Download or read book Science Fiction A Critical Guide written by Patrick Parrinder and published by Routledge. This book was released on 2021-05-18 with total page 256 pages. Available in PDF, EPUB and Kindle. Book excerpt: This book, first published in 1979, presents a portrait of science fiction as a distinct form of serious and creative literature. Contributors are drawn from Britain, America and Europe, and range from well-known academic critics to young novelists. The essays establish the common properties of science fiction writing, and assess the history and significance of a field in which critical judgements have often been unreliable. The material ranges from the earliest imaginative journeys to the moon, to later developments of British, American and European science fiction.

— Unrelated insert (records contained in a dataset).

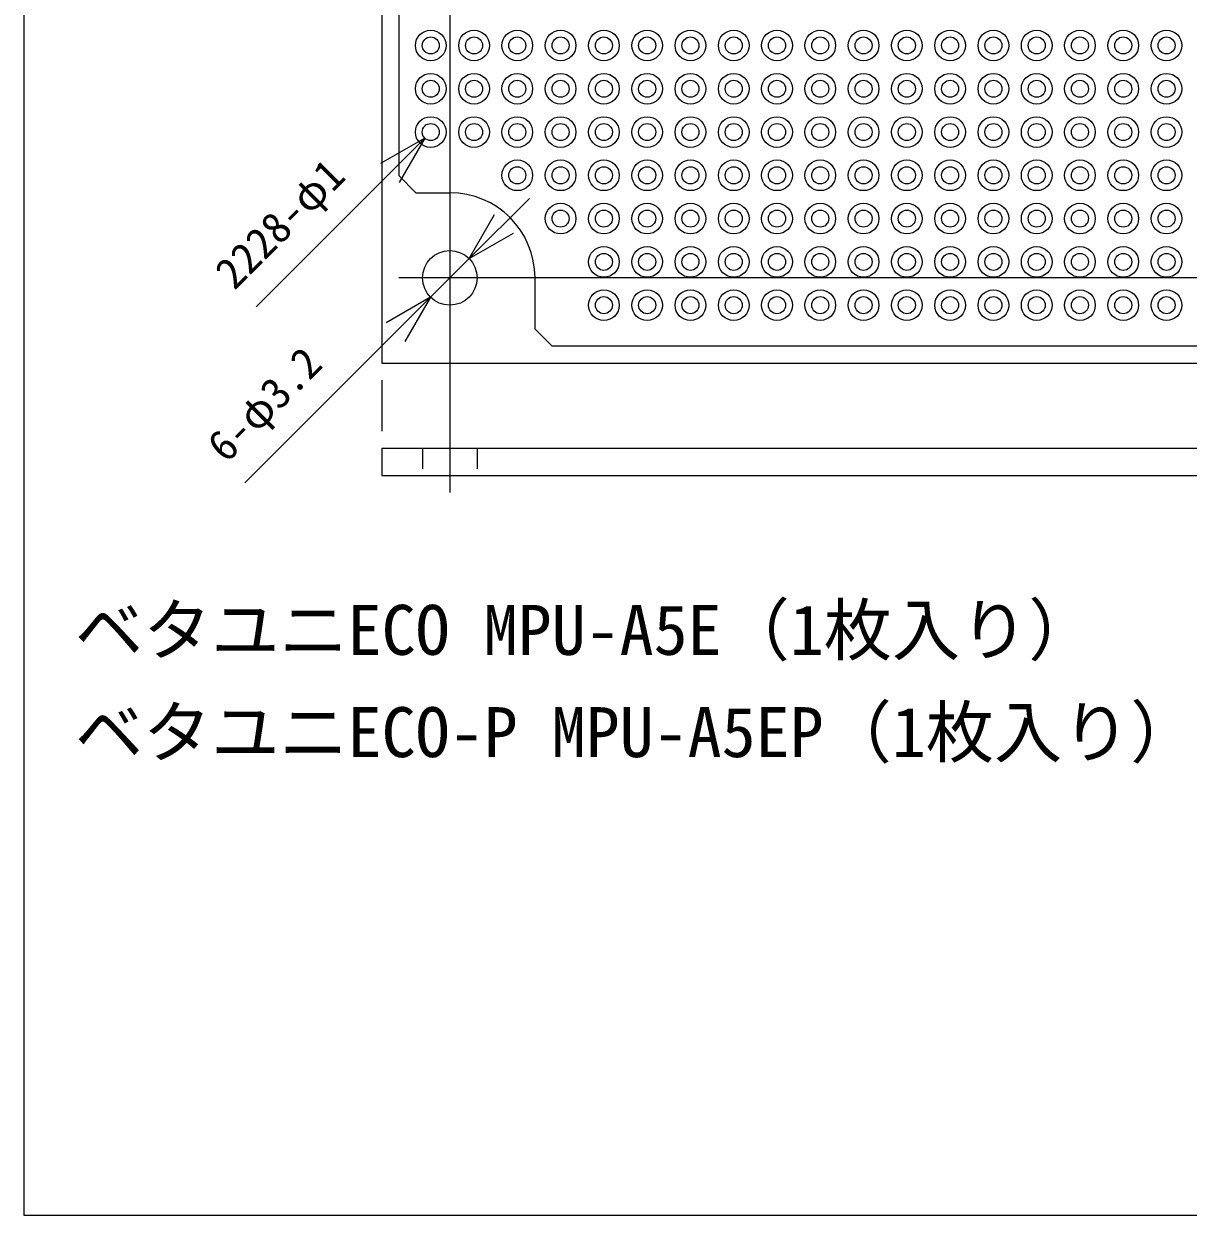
# Model space of a CAD drawing. Units: millimetres on the paper. Extents: x -95 to 95, y -138 to 138.
# Drawn here: x -95 to -26.7, y -138.5 to -68.6 of the extents above; entities that cross this region are included whole.
import ezdxf
from ezdxf.enums import TextEntityAlignment as Align

# ---------------------------------------------------------------- set-up
doc = ezdxf.new("R2010")
doc.units = ezdxf.units.MM
doc.linetypes.add('DASHED1', pattern=[1.8, 1.2, -0.6])
for name, color, linetype in [('0-0', 4, 'Continuous'), ('0-1', 7, 'Continuous'), ('0-2', 7, 'Continuous')]:
    doc.layers.add(name, color=color, linetype=linetype)
doc.styles.add('ＭＳ ゴシック', font='')
doc.styles.get('ＭＳ ゴシック').set_extended_font_data('MS Gothic')

msp = doc.modelspace()

# ---------------------------------------------------------------- linework, layer by layer
at = {"layer": '0-0', "color": 7}
for p, q in [((-95, 138.5), (-95, -138.5)), ((-95, -138.5), (95, -138.5))]:
    msp.add_line(p, q, dxfattribs=at)
at = {"layer": '0-0'}
for p, q in [((-70, 126.5), (-70, -96.1)), ((-71.474, -75.294), (-81.373, -85.193)), ((-71.474, -75.294), (-74.072, -76.794)), ((-71.474, -75.294), (-72.974, -77.892)), ((-68.869, -82.369), (-66.271, -80.869)), ((-68.869, -82.369), (-71.131, -84.631)), ((79, -83.5), (-73, -83.5)), ((-71.131, -84.631), (-82.021, -95.521)), ((-71.131, -84.631), (-73.729, -86.131)), ((-71.131, -84.631), (-72.631, -87.229)), ((-74, -89.5), (-74, -92.5))]:
    msp.add_line(p, q, dxfattribs=at)
msp.add_lwpolyline([(-65.333, -78.833), (-68.869, -82.369), (-67.369, -79.771)], dxfattribs=at)
at = {"layer": '0-1'}
for p, q in [((-73, 10.5), (-73, -77.5)), ((-73, -77.5), (-72, -78.5)), ((-72, -78.5), (-70, -78.5)), ((-65, -86.5), (-65, -83.5)), ((-65, -86.5), (-64, -87.5)), ((64, -87.5), (-64, -87.5)), ((-74, -93.5), (74, -93.5)), ((-74, -93.5), (-74, -95.1)), ((-74, -95.1), (74, -95.1))]:
    msp.add_line(p, q, dxfattribs=at)
at = {"layer": '0-1', "linetype": 'DASHED1'}
for p, q in [((-71.6, -93.5), (-71.6, -95.1)), ((-68.4, -93.5), (-68.4, -95.1))]:
    msp.add_line(p, q, dxfattribs=at)
at = {"layer": '0-1'}
msp.add_lwpolyline([(-74, -88.5), (74, -88.5), (74, 121.5), (-74, 121.5)], close=True, dxfattribs=at)
msp.add_circle((-70, -83.5), 1.6, dxfattribs=at)
msp.add_arc((-70, -83.5), 5, 0, 90, dxfattribs=at)
at = {"layer": '0-2'}
for centre, radius in [((-71.12, -69.86), 0.9), ((-68.58, -69.86), 0.9), ((-66.04, -69.86), 0.9), ((-63.5, -69.86), 0.9), ((-60.96, -69.86), 0.9), ((-58.42, -69.86), 0.9), ((-55.88, -69.86), 0.9), ((-53.34, -69.86), 0.9), ((-50.8, -69.86), 0.9), ((-48.26, -69.86), 0.9), ((-45.72, -69.86), 0.9), ((-43.18, -69.86), 0.9), ((-40.64, -69.86), 0.9), ((-38.1, -69.86), 0.9), ((-35.56, -69.86), 0.9), ((-33.02, -69.86), 0.9), ((-30.48, -69.86), 0.9), ((-27.94, -69.86), 0.9), ((-71.12, -69.86), 0.5), ((-68.58, -69.86), 0.5), ((-66.04, -69.86), 0.5), ((-63.5, -69.86), 0.5), ((-60.96, -69.86), 0.5), ((-58.42, -69.86), 0.5), ((-55.88, -69.86), 0.5), ((-53.34, -69.86), 0.5), ((-50.8, -69.86), 0.5), ((-48.26, -69.86), 0.5), ((-45.72, -69.86), 0.5), ((-43.18, -69.86), 0.5), ((-40.64, -69.86), 0.5), ((-38.1, -69.86), 0.5), ((-35.56, -69.86), 0.5), ((-33.02, -69.86), 0.5), ((-30.48, -69.86), 0.5), ((-27.94, -69.86), 0.5), ((-71.12, -72.4), 0.9), ((-71.12, -72.4), 0.5), ((-68.58, -72.4), 0.9), ((-68.58, -72.4), 0.5), ((-66.04, -72.4), 0.9), ((-66.04, -72.4), 0.5), ((-63.5, -72.4), 0.9), ((-63.5, -72.4), 0.5), ((-60.96, -72.4), 0.9), ((-60.96, -72.4), 0.5), ((-58.42, -72.4), 0.9), ((-58.42, -72.4), 0.5), ((-55.88, -72.4), 0.9), ((-55.88, -72.4), 0.5), ((-53.34, -72.4), 0.9), ((-53.34, -72.4), 0.5), ((-50.8, -72.4), 0.9), ((-50.8, -72.4), 0.5), ((-48.26, -72.4), 0.9), ((-48.26, -72.4), 0.5), ((-45.72, -72.4), 0.9), ((-45.72, -72.4), 0.5), ((-43.18, -72.4), 0.9), ((-43.18, -72.4), 0.5), ((-40.64, -72.4), 0.9), ((-40.64, -72.4), 0.5), ((-38.1, -72.4), 0.9), ((-38.1, -72.4), 0.5), ((-35.56, -72.4), 0.9), ((-35.56, -72.4), 0.5), ((-33.02, -72.4), 0.9), ((-33.02, -72.4), 0.5), ((-30.48, -72.4), 0.9), ((-30.48, -72.4), 0.5), ((-27.94, -72.4), 0.9), ((-27.94, -72.4), 0.5), ((-71.12, -74.94), 0.9), ((-68.58, -74.94), 0.9), ((-66.04, -74.94), 0.9), ((-63.5, -74.94), 0.9), ((-60.96, -74.94), 0.9), ((-58.42, -74.94), 0.9), ((-55.88, -74.94), 0.9), ((-53.34, -74.94), 0.9), ((-50.8, -74.94), 0.9), ((-48.26, -74.94), 0.9), ((-45.72, -74.94), 0.9), ((-43.18, -74.94), 0.9), ((-40.64, -74.94), 0.9), ((-38.1, -74.94), 0.9), ((-35.56, -74.94), 0.9), ((-33.02, -74.94), 0.9), ((-30.48, -74.94), 0.9), ((-27.94, -74.94), 0.9), ((-71.12, -74.94), 0.5), ((-68.58, -74.94), 0.5), ((-66.04, -74.94), 0.5), ((-63.5, -74.94), 0.5), ((-60.96, -74.94), 0.5), ((-58.42, -74.94), 0.5), ((-55.88, -74.94), 0.5), ((-53.34, -74.94), 0.5), ((-50.8, -74.94), 0.5), ((-48.26, -74.94), 0.5), ((-45.72, -74.94), 0.5), ((-43.18, -74.94), 0.5), ((-40.64, -74.94), 0.5), ((-38.1, -74.94), 0.5), ((-35.56, -74.94), 0.5), ((-33.02, -74.94), 0.5), ((-30.48, -74.94), 0.5), ((-27.94, -74.94), 0.5), ((-66.04, -77.48), 0.9), ((-63.5, -77.48), 0.9), ((-60.96, -77.48), 0.9), ((-58.42, -77.48), 0.9), ((-55.88, -77.48), 0.9), ((-53.34, -77.48), 0.9), ((-50.8, -77.48), 0.9), ((-48.26, -77.48), 0.9), ((-45.72, -77.48), 0.9), ((-43.18, -77.48), 0.9), ((-40.64, -77.48), 0.9), ((-38.1, -77.48), 0.9), ((-35.56, -77.48), 0.9), ((-33.02, -77.48), 0.9), ((-30.48, -77.48), 0.9), ((-27.94, -77.48), 0.9), ((-66.04, -77.48), 0.5), ((-63.5, -77.48), 0.5), ((-60.96, -77.48), 0.5), ((-58.42, -77.48), 0.5), ((-55.88, -77.48), 0.5), ((-53.34, -77.48), 0.5), ((-50.8, -77.48), 0.5), ((-48.26, -77.48), 0.5), ((-45.72, -77.48), 0.5), ((-43.18, -77.48), 0.5), ((-40.64, -77.48), 0.5), ((-38.1, -77.48), 0.5), ((-35.56, -77.48), 0.5), ((-33.02, -77.48), 0.5), ((-30.48, -77.48), 0.5), ((-27.94, -77.48), 0.5), ((-63.5, -80.02), 0.9), ((-63.5, -80.02), 0.5), ((-60.96, -80.02), 0.9), ((-60.96, -80.02), 0.5), ((-58.42, -80.02), 0.9), ((-58.42, -80.02), 0.5), ((-55.88, -80.02), 0.9), ((-55.88, -80.02), 0.5), ((-53.34, -80.02), 0.9), ((-53.34, -80.02), 0.5), ((-50.8, -80.02), 0.9), ((-50.8, -80.02), 0.5), ((-48.26, -80.02), 0.9), ((-48.26, -80.02), 0.5), ((-45.72, -80.02), 0.9), ((-45.72, -80.02), 0.5), ((-43.18, -80.02), 0.9), ((-43.18, -80.02), 0.5), ((-40.64, -80.02), 0.9), ((-40.64, -80.02), 0.5), ((-38.1, -80.02), 0.9), ((-38.1, -80.02), 0.5), ((-35.56, -80.02), 0.9), ((-35.56, -80.02), 0.5), ((-33.02, -80.02), 0.9), ((-33.02, -80.02), 0.5), ((-30.48, -80.02), 0.9), ((-30.48, -80.02), 0.5), ((-27.94, -80.02), 0.9), ((-27.94, -80.02), 0.5), ((-60.96, -82.56), 0.9), ((-58.42, -82.56), 0.9), ((-55.88, -82.56), 0.9), ((-53.34, -82.56), 0.9), ((-50.8, -82.56), 0.9), ((-48.26, -82.56), 0.9), ((-45.72, -82.56), 0.9), ((-43.18, -82.56), 0.9), ((-40.64, -82.56), 0.9), ((-38.1, -82.56), 0.9), ((-35.56, -82.56), 0.9), ((-33.02, -82.56), 0.9), ((-30.48, -82.56), 0.9), ((-27.94, -82.56), 0.9), ((-60.96, -82.56), 0.5), ((-58.42, -82.56), 0.5), ((-55.88, -82.56), 0.5), ((-53.34, -82.56), 0.5), ((-50.8, -82.56), 0.5), ((-48.26, -82.56), 0.5), ((-45.72, -82.56), 0.5), ((-43.18, -82.56), 0.5), ((-40.64, -82.56), 0.5), ((-38.1, -82.56), 0.5), ((-35.56, -82.56), 0.5), ((-33.02, -82.56), 0.5), ((-30.48, -82.56), 0.5), ((-27.94, -82.56), 0.5), ((-60.96, -85.1), 0.9), ((-58.42, -85.1), 0.9), ((-55.88, -85.1), 0.9), ((-53.34, -85.1), 0.9), ((-50.8, -85.1), 0.9), ((-48.26, -85.1), 0.9), ((-45.72, -85.1), 0.9), ((-43.18, -85.1), 0.9), ((-40.64, -85.1), 0.9), ((-38.1, -85.1), 0.9), ((-35.56, -85.1), 0.9), ((-33.02, -85.1), 0.9), ((-30.48, -85.1), 0.9), ((-27.94, -85.1), 0.9), ((-60.96, -85.1), 0.5), ((-58.42, -85.1), 0.5), ((-55.88, -85.1), 0.5), ((-53.34, -85.1), 0.5), ((-50.8, -85.1), 0.5), ((-48.26, -85.1), 0.5), ((-45.72, -85.1), 0.5), ((-43.18, -85.1), 0.5), ((-40.64, -85.1), 0.5), ((-38.1, -85.1), 0.5), ((-35.56, -85.1), 0.5), ((-33.02, -85.1), 0.5), ((-30.48, -85.1), 0.5), ((-27.94, -85.1), 0.5)]:
    msp.add_circle(centre, radius, dxfattribs=at)

# ---------------------------------------------------------------- texts
at = {"layer": '0-0', "style": 'ＭＳ ゴシック'}
for s, p in [('2228-φ1', (-82.257, -84.663)), ('6-φ3.2', (-82.728, -94.814))]:
    msp.add_text(s, height=1.833, rotation=45, dxfattribs=at).set_placement(p, align=Align.BOTTOM_LEFT)
at = {"layer": '0-0', "color": 7, "style": 'ＭＳ ゴシック'}
for s, p in [('ベタユニECO MPU-A5E（1枚入り）', (-92, -106.5)), ('ベタユニECO-P MPU-A5EP（1枚入り）', (-92, -112.5))]:
    msp.add_text(s, height=2.933, dxfattribs=at).set_placement(p, align=Align.BOTTOM_LEFT)

doc.saveas('drawing.dxf')

Download or read book Encyclopedia of the Essay written by Tracy Chevalier and published by Routledge. This book was released on 2012-10-12 with total page 1032 pages. Available in PDF, EPUB and Kindle. Book excerpt: This groundbreaking new source of international scope defines the essay as nonfictional prose texts of between one and 50 pages in length. The more than 500 entries by 275 contributors include entries on nationalities, various categories of essays such as generic (such as sermons, aphorisms), individual major works, notable writers, and periodicals that created a market for essays, and particularly famous or significant essays. The preface details the historical development of the essay, and the alphabetically arranged entries usually include biographical sketch, nationality, era, selected writings list, additional readings, and anthologies
Download or read book The Rise and Fall of Latin Humanism in Early Modern Russia written by Max J. Okenfuss and published by BRILL. This book was released on 1995-08-01 with total page 295 pages. Available in PDF, EPUB and Kindle. Book excerpt: The Rise and Fall of Latin Humanismus in Early Modern Russia argues that, between 1650 and 1789, Russia flirted with Western Europe's Latin Humanism. However, all levels of society, especially the nobility, consistently rejected the pagan authors of Latinate culture, propagated by Ukrainian clergy. An examination of the printing industry, Latin teaching, and private libraries in Russia, and excursions into the thought of Russia's “enlighteners” demonstrate that Latin authors had little impact on Russia, especially the nobility, traditionally regarded as the advocate of Western educational and cultural values. The book contributes to our understanding of the reforms of Peter the Great, of Catherine's “enlightened” reputation, of the origins of the intelligentsia, and of the cultural ties between Russians and the peoples they annexed in early modern times.